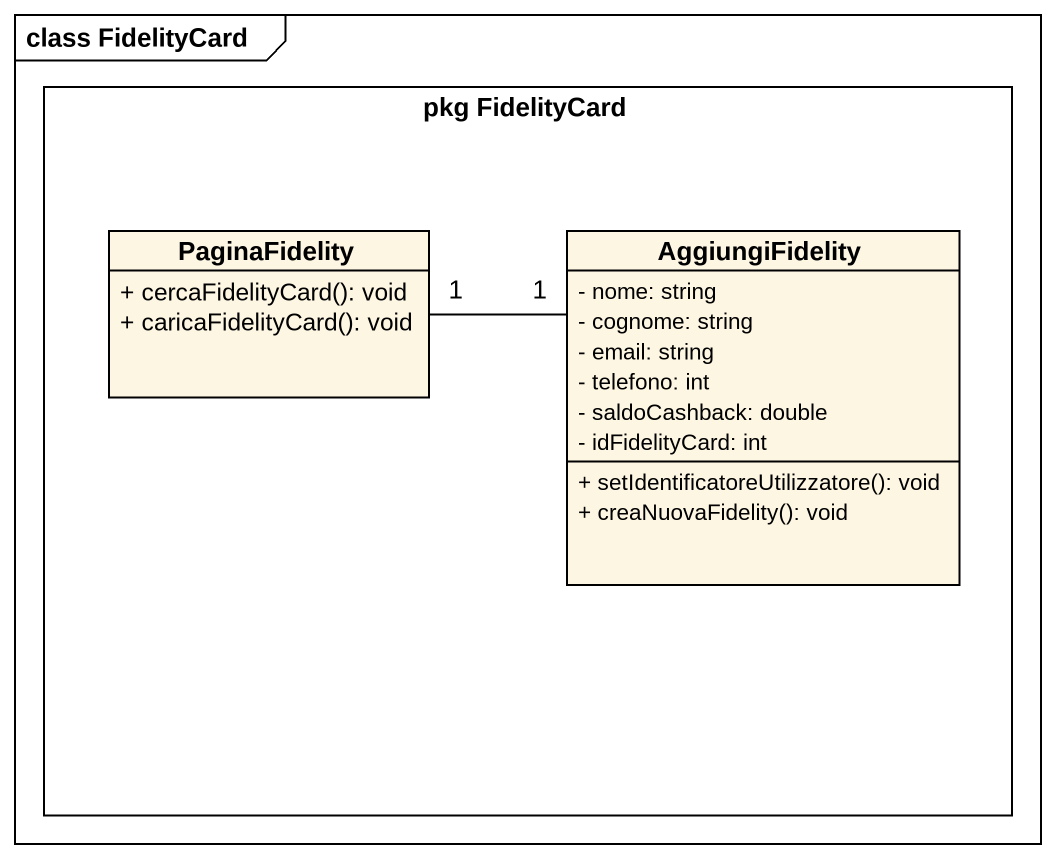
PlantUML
@startuml
mainframe class FidelityCard
hide circle
hide empty members
skinparam classAttributeIconSize 0
rectangle "pkg FidelityCard" as pkg_FidelityCard {
  class PaginaFidelity {
    + cercaFidelityCard(): void
    + caricaFidelityCard(): void
  }
  class AggiungiFidelity {
    - nome: string
    - cognome: string
    - email: string
    - telefono: int
    - saldoCashback: double
    - idFidelityCard: int
    + setIdentificatoreUtilizzatore(): void
    + creaNuovaFidelity(): void
  }
}
PaginaFidelity "1" -right- "1" AggiungiFidelity
@enduml

########

▶ _EXERCISE DIRECTIONS_:
Return an exact copy of the data above, apart from any pictures.

▶ _FINAL ANSWER_:
PlantUML
@startuml
mainframe class FidelityCard
hide circle
hide empty members
skinparam classAttributeIconSize 0
rectangle "pkg FidelityCard" as pkg_FidelityCard {
  class PaginaFidelity {
    + cercaFidelityCard(): void
    + caricaFidelityCard(): void
  }
  class AggiungiFidelity {
    - nome: string
    - cognome: string
    - email: string
    - telefono: int
    - saldoCashback: double
    - idFidelityCard: int
    + setIdentificatoreUtilizzatore(): void
    + creaNuovaFidelity(): void
  }
}
PaginaFidelity "1" -right- "1" AggiungiFidelity
@enduml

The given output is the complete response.